I don't know why, I've been trying to dissect this.. but it hits me with huge emotional impact. The not said about our tenuous human condition is like an underground spring in this story. I absolutely love this, Chris.
The story zigs and zags like a wild ride to hospital. Great story, terrific writing. A winner all around.
Love this line: "His chiseled physique and perfect tan threw his career choice in your face."
This is very nice, swift, smooth and throws their relationship right at you, nice job.
I second Shelagh's comments.
But for me the "your" in "His chiseled physique and perfect tan threw his career choice in your face." threw me out of the line, which I really liked.
Well done. Like the line, "His chiseled physique and perfect tan threw his career choice in your face."

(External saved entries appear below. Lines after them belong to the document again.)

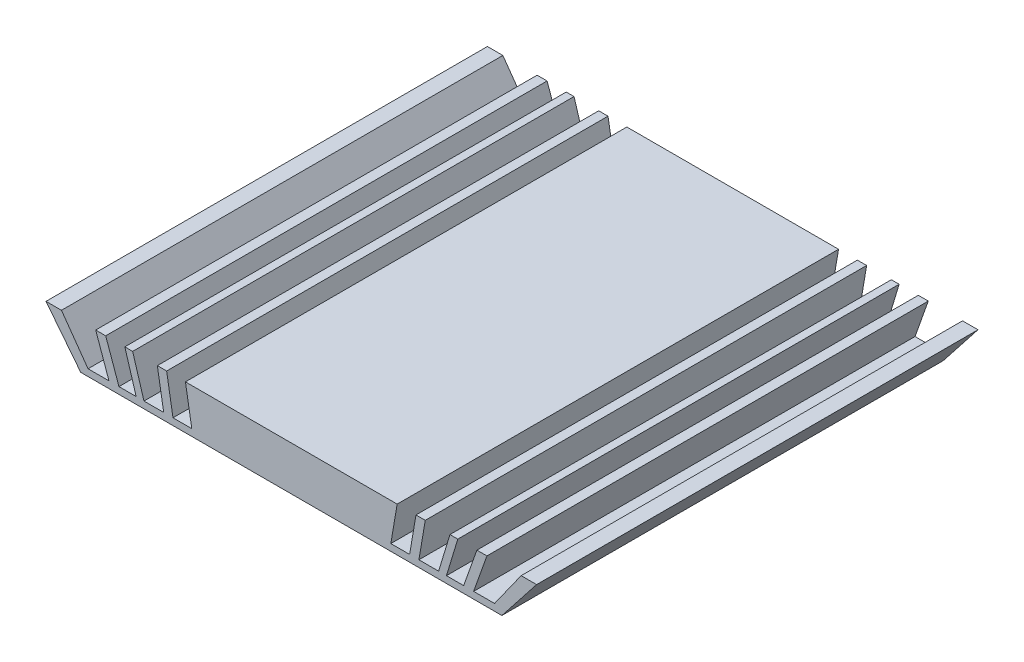
from build123d import *

# Parameters (mm, degrees)
CUT_EXTRUDE1_START = -61
CUT_EXTRUDE1_DEPTH = 61


# Read off the part's stored shape, not the designer's step: Cut-Extrude1
with BuildPart() as part:
    # Sketch1 → Loft1 section 0
    with BuildSketch(Plane(origin=(0, 0, 0), x_dir=(1, 0, 0), z_dir=(0, 1, 0))):
        with BuildLine():
            Line((0, 0), (58.2, 0))
            Line((58.2, 0), (58.2, 61))
            Line((58.2, 61), (0, 61))
            Line((0, 61), (0, 0))
        make_face()
    # Sketch2 → Loft1 section 1
    with BuildSketch(Plane(origin=(0, 6.099999992, 0), x_dir=(1, 0, 0), z_dir=(0, 1, 0))):
        with BuildLine():
            Line((-4.8, 61), (63, 61))
            Line((63, 61), (63, 0))
            Line((63, 0), (-4.8, 0))
            Line((-4.8, 0), (-4.8, 61))
        make_face()
    loft()

    # Cut-Extrude1 outline → Cut-Extrude1 (cut)
    with BuildSketch(Plane.XY.offset(CUT_EXTRUDE1_START)):
        Polygon((60.861632844, 6.099999992), (56.132109475, 6.099999992), (54.298183465, 0.936182189), (57.189353849, 0.936182189), align=None)
        Polygon((54.750384399, 6.099999992), (52.107282262, 6.099999992), (50.541618156, 0.936182189), (52.916458389, 0.936182189), align=None)
        Polygon((51.025910518, 6.099999992), (47.612762768, 6.099999992), (46.735990868, 0.936182189), (49.460246412, 0.936182189), align=None)
        Polygon((46.328918201, 6.099999992), (43.729915785, 6.099999992), (42.853143886, 0.936182189), (45.452146301, 0.936182189), align=None)
        Polygon((14.470084215, 6.099999992), (11.871081799, 6.099999992), (12.747853699, 0.936182189), (15.346856114, 0.936182189), align=None)
        Polygon((10.587237232, 6.099999992), (7.174089482, 6.099999992), (8.739753588, 0.936182189), (11.464009132, 0.936182189), align=None)
        Polygon((6.092717738, 6.099999992), (3.449615601, 6.099999992), (5.283541611, 0.936182189), (7.658381844, 0.936182189), align=None)
        Polygon((1.010646151, 0.936182189), (3.901816535, 0.936182189), (2.067890525, 6.099999992), (-2.661632844, 6.099999992), align=None)
    extrude(amount=CUT_EXTRUDE1_DEPTH, mode=Mode.SUBTRACT)


solid = part.part
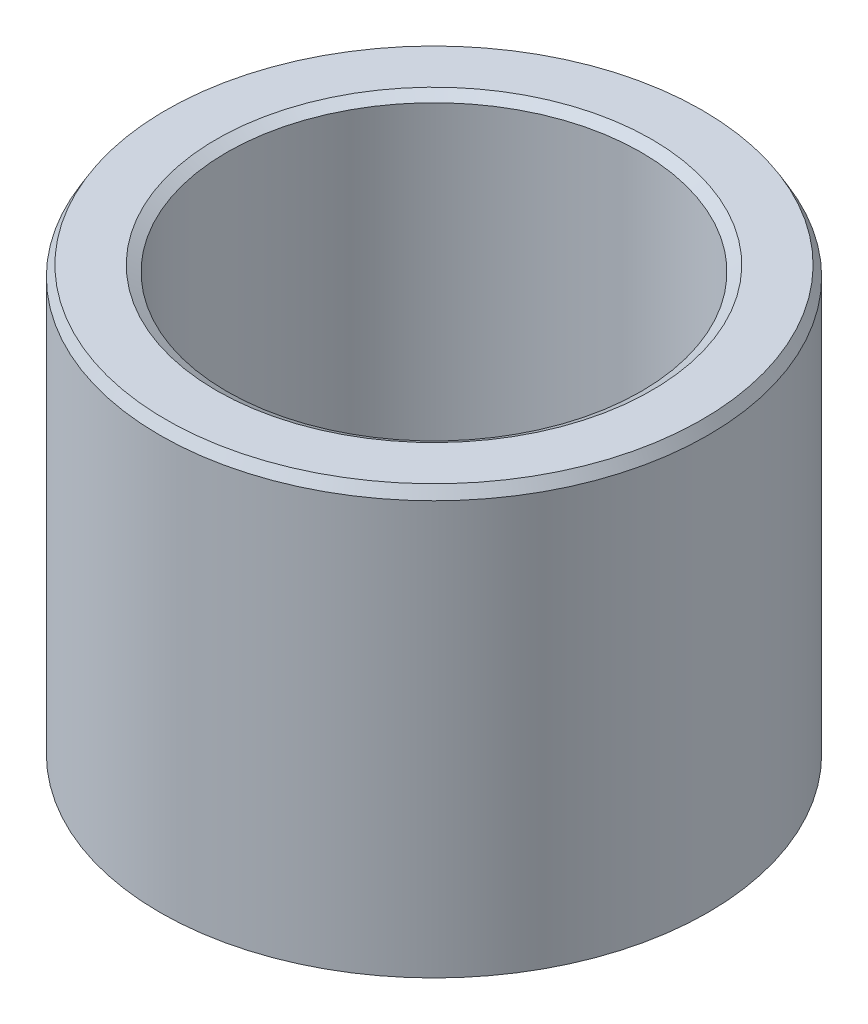
from build123d import *
from OCP.BRepFilletAPI import BRepFilletAPI_MakeChamfer

# Parameters (mm, degrees)
SKETCH1_R           = 40
BOSS_EXTRUDE1_DEPTH = 62.717191514
SKETCH2_R           = 30.227431144
CUT_EXTRUDE1_DEPTH  = 85.459730708
CHAMFER1_SIZE       = 1.529105371
CHAMFER1_SIZE2      = 0.882829398


with BuildPart() as part:
    # Sketch1 → Boss-Extrude1 (new body)
    with BuildSketch(Plane(origin=(0, 0, 0), x_dir=(1, 0, 0), z_dir=(0, 1, 0))):
        Circle(SKETCH1_R)
    extrude(amount=BOSS_EXTRUDE1_DEPTH)

    # Sketch2 → Cut-Extrude1 (cut, through all)
    with BuildSketch(Plane(origin=(0, 0, 0), x_dir=(1, 0, 0), z_dir=(0, 1, 0))):
        Circle(SKETCH2_R)
    extrude(amount=CUT_EXTRUDE1_DEPTH, mode=Mode.SUBTRACT)

    # Chamfer1: one chamfer whose edges measure the first distance from different faces: ONE call of the kernel's chamfer builder (chamfer() names one face for all edges)
    chamfer1_edges_1 = [part.edges().sort_by_distance(p)[0] for p in [
        (-30.227431144, 62.717191514, 0),
    ]]
    chamfer1_side_1 = [part.faces().sort_by_distance(p)[0] for p in [
        (-38.86862915, 62.717191514, 0),
    ]]
    chamfer1_edges_2 = [part.edges().sort_by_distance(p)[0] for p in [
        (-30.227431144, 0, 0),
    ]]
    chamfer1_side_2 = [part.faces().sort_by_distance(p)[0] for p in [
        (-30.227431144, 31.358595757, 0),
    ]]
    chamfer1_edges_3 = [part.edges().sort_by_distance(p)[0] for p in [
        (-40, 0, 0),
    ]]
    chamfer1_side_3 = [part.faces().sort_by_distance(p)[0] for p in [
        (-38.86862915, 0, 0),
    ]]
    chamfer1_edges_4 = [part.edges().sort_by_distance(p)[0] for p in [
        (-40, 62.717191514, 0),
    ]]
    chamfer1_side_4 = [part.faces().sort_by_distance(p)[0] for p in [
        (-40, 31.358595757, 0),
    ]]
    chamfer1 = BRepFilletAPI_MakeChamfer(part.part.solid().wrapped)
    for e in chamfer1_edges_1:
        chamfer1.Add(CHAMFER1_SIZE, CHAMFER1_SIZE2, e.wrapped, chamfer1_side_1[0].wrapped)  # the first distance lies on this face
    for e in chamfer1_edges_2:
        chamfer1.Add(CHAMFER1_SIZE, CHAMFER1_SIZE2, e.wrapped, chamfer1_side_2[0].wrapped)  # the first distance lies on this face
    for e in chamfer1_edges_3:
        chamfer1.Add(CHAMFER1_SIZE, CHAMFER1_SIZE2, e.wrapped, chamfer1_side_3[0].wrapped)  # the first distance lies on this face
    for e in chamfer1_edges_4:
        chamfer1.Add(CHAMFER1_SIZE, CHAMFER1_SIZE2, e.wrapped, chamfer1_side_4[0].wrapped)  # the first distance lies on this face
    add(Compound.cast(chamfer1.Shape()), mode=Mode.REPLACE)


solid = part.part

Good moiton here. I like the play with memory: "I remembered our wedding reception. I tasted the crab cake, pulled her from greeting people, said, you have to try. And she did. Now, I said, forget crab, we'll try other things." Nice work.
Very nice, I really enjoyed the movement in this piece. :)
Nice form and format here--mimics the importance of the relationship and the action that defines it. Nicely done!
I agree. Really well done. Love the line: "My wife had an electrocution moment." Riveting.
beautiful protrait of a relationship. loved the change of rhythm, from allergic/frantic forward to the slow flashback to the first pregnancy, and their wedding, then back to the now.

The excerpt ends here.